While it might be logical to map an OpenMP thread to a CUDA thread that isn’t necessarily the only nor the best way to do it. Depending on how much work and divergence there is in the parallel section, it might actually be better to treat a single OpenMP thread as a whole CUDA block, parallelize many of the tight inner loops or serial code sections as threads, and use shared memory to imitate your thread private array. The first and last actions of some worker threads could be to read and write to/from shared memory in a coalesced fashion, given that the final results have to go back to global memory anyway.

The only way that the compiler could turn those into registers is if you always accessed the array with constant indices. Relative indexing of registers is not possible in current NVIDIA GPUs (and very hard to get right in general so the architecture experts in the forum tell us).

The following is just my understanding.

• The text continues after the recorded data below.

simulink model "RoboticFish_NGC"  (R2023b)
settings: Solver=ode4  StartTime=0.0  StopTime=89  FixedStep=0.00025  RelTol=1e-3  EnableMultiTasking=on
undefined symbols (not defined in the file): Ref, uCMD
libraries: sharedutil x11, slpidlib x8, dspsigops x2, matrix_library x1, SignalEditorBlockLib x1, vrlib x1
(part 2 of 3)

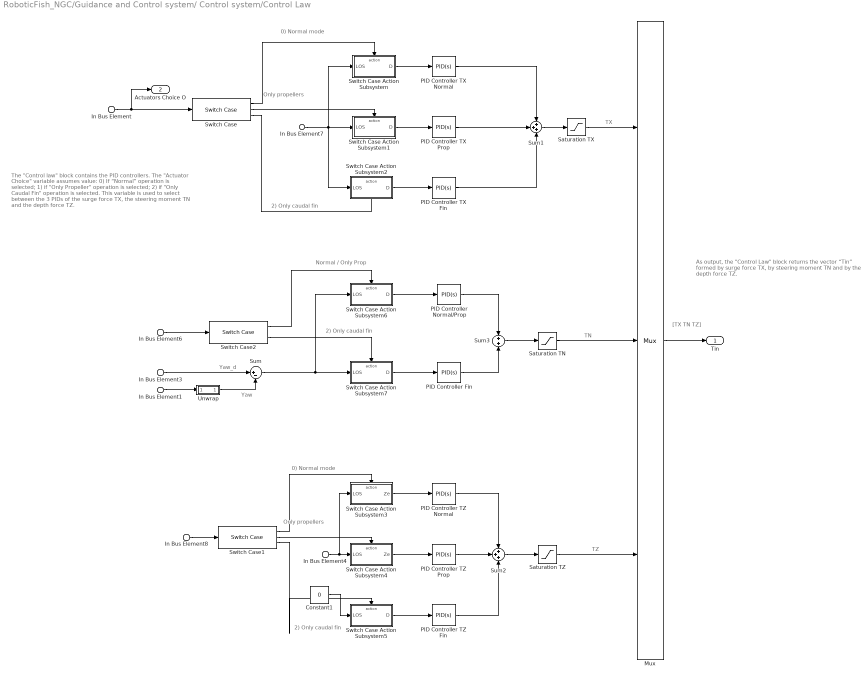
== system RoboticFish_NGC/Guidance and Control system/ Control system/Control Law ==
  note: Normal / Only Prop
  note: 2) Only caudal fin
  note: As output, the "Control Law" block returns the vector “Tin” formed by surge force TX, by steering moment TN and by the depth force TZ.
  note: The "Control law" block contains the PID controllers.
      | The "Actuator Choice" variable assumes value:
      | 0) If “Normal” operation is selected;
      | 1) if "Only Propeller" operation is selected;
      | 2) if "Only Caudal Fin" operation is selected.
      | This variable is used to select between the 3 PIDs of the surge force TX, the steering moment TN and the depth force TZ.
  note: [TX TN TZ]
  note: TZ
  note: TN
  note: TX
  note: 2) Only caudal fin
  note: Only propellers
  note: 0) Normal mode
  note: 0) Normal mode
  note: 2) Only caudal fin
  note: Only propellers
  note: Yaw
  note: Yaw_d
  In Bus Element7 : Inport  PortName=LOS  Element=D
  In Bus Element4 : Inport  PortName=LOS  Element=Ze
  In Bus Element3 : Inport  PortName=LOS  Element=Yaw_d
  In Bus Element : Inport  Port=2  PortName=P  Element=Actuators Choice
  In Bus Element8 : Inport  Port=2  PortName=P  Element=Actuators Choice
  In Bus Element6 : Inport  Port=2  PortName=P  Element=Actuators Choice
  In Bus Element1 : Inport  Port=3  PortName=Estimate States  Element=Position.Yaw
  Constant1 : Constant  Value=0
  Mux : Mux  Inputs=3
  PID Controller Fin : slpidlib/PID Controller  Controller=PID  Form=Parallel  TimeDomain=Continuous-time  UseExternalTs=off  SampleTime=-1  IntegratorMethod=Forward Euler  FilterMethod=Forward Euler  ControllerParametersSource=internal  P=0.1  I=0  UseKiTs=off  D=0.01  N=100  UseFilter=on  TunerSelectOption=Transfer Function Based (PID Tuner App)  InitialConditionSource=internal  InitialConditionForIntegrator=0  InitialConditionForFilter=0  DifferentiatorICPrevScaledInput=0  ExternalReset=none  TrackingMode=off  Kt=1  LimitOutput=off  SatLimitsSource=internal  UpperSaturationLimit=inf  LowerSaturationLimit=-inf  LinearizeAsGain=on  AntiWindupMode=none  Kb=1  LimitIntegrator=off  UpperIntegratorSaturationLimit=inf  LowerIntegratorSaturationLimit=-inf  POutMin=[]  POutMax=[]  IOutMin=[]  IOutMax=[]  DOutMin=[]  DOutMax=[]  NOutMin=[]  NOutMax=[]  SumOutMin=[]  SumOutMax=[]  SaturationOutMin=[]  SaturationOutMax=[]  PParamMin=[]  PParamMax=[]  IParamMin=[]  IParamMax=[]  DParamMin=[]  DParamMax=[]  NParamMin=[]  NParamMax=[]  KbParamMin=[]  KbParamMax=[]  KtParamMin=[]  KtParamMax=[]  KbOutMin=[]  KbOutMax=[]  KtOutMin=[]  KtOutMax=[]  IntegratorOutMin=[]  IntegratorOutMax=[]  FilterOutMin=[]  FilterOutMax=[]  SumI1OutMin=[]  SumI1OutMax=[]  SumI2OutMin=[]  SumI2OutMax=[]  SumI3OutMin=[]  SumI3OutMax=[]  SumI4OutMin=[]  SumI4OutMax=[]  SumDOutMin=[]  SumDOutMax=[]  DifferentiatorOutMin=[]  DifferentiatorOutMax=[]  FilterDiffOutCoefMin=[]  FilterDiffOutCoefMax=[]  ReciprocalOutMin=[]  ReciprocalOutMax=[]  SumDenOutMin=[]  SumDenOutMax=[]  SumNumOutMin=[]  SumNumOutMax=[]  DivideOutMin=[]  DivideOutMax=[]  UdiffTsProdOutMin=[]  UdiffTsProdOutMax=[]  NTsProdOutMin=[]  NTsProdOutMax=[]  UintegralTsProdOutMin=[]  UintegralTsProdOutMax=[]  UngainTsProdOutMin=[]  UngainTsProdOutMax=[]  ClampingZeroOutDataTypeStr=Inherit: Inherit via back propagation  ClampingZeroOutMin=[]  ClampingZeroOutMax=[]  FilterDenConstantOutDataTypeStr=Inherit: Inherit via back propagation  FilterDenConstantOutMin=[]  FilterDenConstantOutMax=[]  PCopyOutDataTypeStr=Inherit: Inherit via back propagation  PCopyOutMin=[]  PCopyOutMax=[]  NCopyOutDataTypeStr=Inherit: Inherit via back propagation  NCopyOutMin=[]  NCopyOutMax=[]  IntegratorContinuousStateAttributes=''  IntegratorStateMustResolveToSignalObject=off  IntegratorRTWStateStorageClass=Auto  FilterContinuousStateAttributes=''  FilterStateMustResolveToSignalObject=off  FilterRTWStateStorageClass=Auto  ParallelPVariant=InternalParameters  IdealPVariant=Disabled  IVariant=InternalParameters  DVariant=InternalParameters  IntegratorVariant=Continuous  SatVariant=Disabled  AWVariant=Passthrough  PCopyVariant=Disabled  TRVariant=Disabled  FdbkBlocksVariant=Forward  IdealPFdbkVariant=Disabled  SatFdbkVariant=Disabled  DerivativeFilterVariant=ContFilter  NVariant=InternalParameters  NCopyVariant=Disabled  FilterICVariant=InternalICsFilter  IntegratorICVariant=InternalICs  ExternalResetVariant=Disabled  TRSumVariant=Passthrough  SumFdbkVariant=Disabled  SumVariant=Sum_PID  TsampFilterVariant=InternalTs  TsampNgainVariant=Passthrough  TsampIntegralVariant=Disabled_SignalSpec  ExternalSaturationOutDataTypeStr=Inherit: Same as second input
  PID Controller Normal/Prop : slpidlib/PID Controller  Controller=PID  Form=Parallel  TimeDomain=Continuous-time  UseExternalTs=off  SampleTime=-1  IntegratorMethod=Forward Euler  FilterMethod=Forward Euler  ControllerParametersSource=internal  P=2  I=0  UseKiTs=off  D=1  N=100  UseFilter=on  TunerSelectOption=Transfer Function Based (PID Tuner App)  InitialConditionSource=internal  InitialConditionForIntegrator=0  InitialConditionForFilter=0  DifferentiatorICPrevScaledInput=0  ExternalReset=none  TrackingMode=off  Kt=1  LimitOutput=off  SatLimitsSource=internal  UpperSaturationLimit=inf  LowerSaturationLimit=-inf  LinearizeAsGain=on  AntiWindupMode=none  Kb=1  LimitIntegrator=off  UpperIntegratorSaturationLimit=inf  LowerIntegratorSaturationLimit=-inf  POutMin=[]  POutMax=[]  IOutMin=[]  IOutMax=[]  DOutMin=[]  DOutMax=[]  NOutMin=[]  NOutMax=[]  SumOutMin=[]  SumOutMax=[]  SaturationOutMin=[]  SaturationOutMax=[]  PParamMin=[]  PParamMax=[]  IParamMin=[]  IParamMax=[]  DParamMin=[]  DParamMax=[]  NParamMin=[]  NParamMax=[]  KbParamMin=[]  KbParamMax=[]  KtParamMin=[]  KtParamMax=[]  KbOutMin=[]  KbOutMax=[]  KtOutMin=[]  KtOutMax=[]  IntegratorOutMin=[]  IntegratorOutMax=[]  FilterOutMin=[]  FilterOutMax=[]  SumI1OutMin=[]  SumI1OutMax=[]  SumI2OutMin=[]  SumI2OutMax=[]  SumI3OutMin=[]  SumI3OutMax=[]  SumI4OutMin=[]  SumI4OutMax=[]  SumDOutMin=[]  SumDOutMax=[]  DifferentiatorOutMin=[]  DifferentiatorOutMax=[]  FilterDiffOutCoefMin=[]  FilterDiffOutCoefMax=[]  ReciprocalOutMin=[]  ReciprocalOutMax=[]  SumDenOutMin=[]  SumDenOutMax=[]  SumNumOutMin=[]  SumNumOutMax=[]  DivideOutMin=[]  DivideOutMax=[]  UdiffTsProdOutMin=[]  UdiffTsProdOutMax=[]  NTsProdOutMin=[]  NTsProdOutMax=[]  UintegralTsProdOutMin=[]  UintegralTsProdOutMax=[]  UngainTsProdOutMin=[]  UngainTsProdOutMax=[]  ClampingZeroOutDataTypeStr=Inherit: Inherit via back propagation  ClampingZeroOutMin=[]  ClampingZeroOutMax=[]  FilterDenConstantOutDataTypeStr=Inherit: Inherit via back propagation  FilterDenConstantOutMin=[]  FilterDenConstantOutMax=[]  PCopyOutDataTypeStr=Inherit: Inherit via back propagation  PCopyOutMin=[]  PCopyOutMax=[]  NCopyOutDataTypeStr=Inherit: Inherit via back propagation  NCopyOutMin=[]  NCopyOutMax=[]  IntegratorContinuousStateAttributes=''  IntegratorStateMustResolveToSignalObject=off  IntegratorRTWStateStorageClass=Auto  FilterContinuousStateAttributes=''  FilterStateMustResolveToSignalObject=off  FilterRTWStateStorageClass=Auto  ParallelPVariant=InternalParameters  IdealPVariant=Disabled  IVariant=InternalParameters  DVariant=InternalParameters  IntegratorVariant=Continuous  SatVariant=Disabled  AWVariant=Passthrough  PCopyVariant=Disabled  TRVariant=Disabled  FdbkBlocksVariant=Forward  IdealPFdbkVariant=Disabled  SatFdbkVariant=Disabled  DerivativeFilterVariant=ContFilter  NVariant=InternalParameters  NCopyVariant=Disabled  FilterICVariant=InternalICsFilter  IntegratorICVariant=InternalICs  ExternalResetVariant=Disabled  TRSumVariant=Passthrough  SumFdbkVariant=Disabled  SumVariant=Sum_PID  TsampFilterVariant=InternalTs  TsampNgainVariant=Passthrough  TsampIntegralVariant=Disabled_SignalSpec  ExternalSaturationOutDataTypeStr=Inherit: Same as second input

NO GUARANTEEs of correctness.

In older versions of CUDA, local mem accesses were not coalesced.

FOr example, if u used a local array of size 100 with 1000 threads in a kernel launch,

the local memory code compiled as if the local array was laid out in memory like:

Thus when thread 0 and thread 1 are accessing the first element of the array, they will be accessing addresses displaced by 100*sizeof(element). So utterly un-colaesced accesses…

So, people feared local memory…Smarter ones laid their local memory themselves in global memory in a smart way like this:

The arrangement above guarantees coalescedness… Isnt it?

So, finally, in one of the CUDA versions, NVIDIA guys themselves incorporated thsi change in their compiler , driver and whatever…

HTH

Can

for (int i =0; i < 10; i++)

{

array[i];

}

be considered as accessing with constant indecies? :geek: Or loop unrolling should do the trick? Bad for me I have some more inner loops where indeces are computed using i.

Yes, just do:

#pragma unroll

for (int i =0; i < 10; i++)

{

array[i];

}

One idea might be to use template variables, this can sometimes simplify things.

THANKS!!

Just that was what I needed to confirm!!

Thank you very much!

I’m currently playing around with placing everything into the registers, and probably found the source of the 128-registers limit.

This is the content of the $(CUDA_BIN_PATH)/ptxvars.cu

/*

  nvcc ptxvars.cu -g -G --host-compilation=c -c -D__DEVICE_LAUCH_PARAMETERS_H__ -Xptxas -fext

 */

typedef struct dim3_16 {

	unsigned short x, y, z;

} dim3_16;

typedef struct dim2_16 {

	unsigned short x, y;

} dim2_16;

__shared__ dim3_16  threadIdx;

__shared__ dim2_16  blockIdx;

__shared__ dim3_16  blockDim;

__shared__ dim2_16  gridDim;

int $gpu_registers[128];

I wonder what effect would changing $gpu_registers[128] have? :rolleyes:

At least you now acknowledge that the limit exists. I doubt changing the limit will do anything (or at least anything good) - you have to keep in mind that ptx is only an intermediate representation of the actual code that runs on the device. It is quite possible that downstream hardware limitations are the reason for the limit, and extra registers in the PTX beyond the limit will just either get spilled to local memory or cause something fatal.

:whistling:

I think the better source of information would be decuded code - at least it is finished one that is executed on the device.

You are right, there is “GPU specific maximum of 128 registers” according to the nvcc_2.3.pdf from your CUDA Toolkit doc folder.

Edit: I was abe to get 124 register used, not a single register more.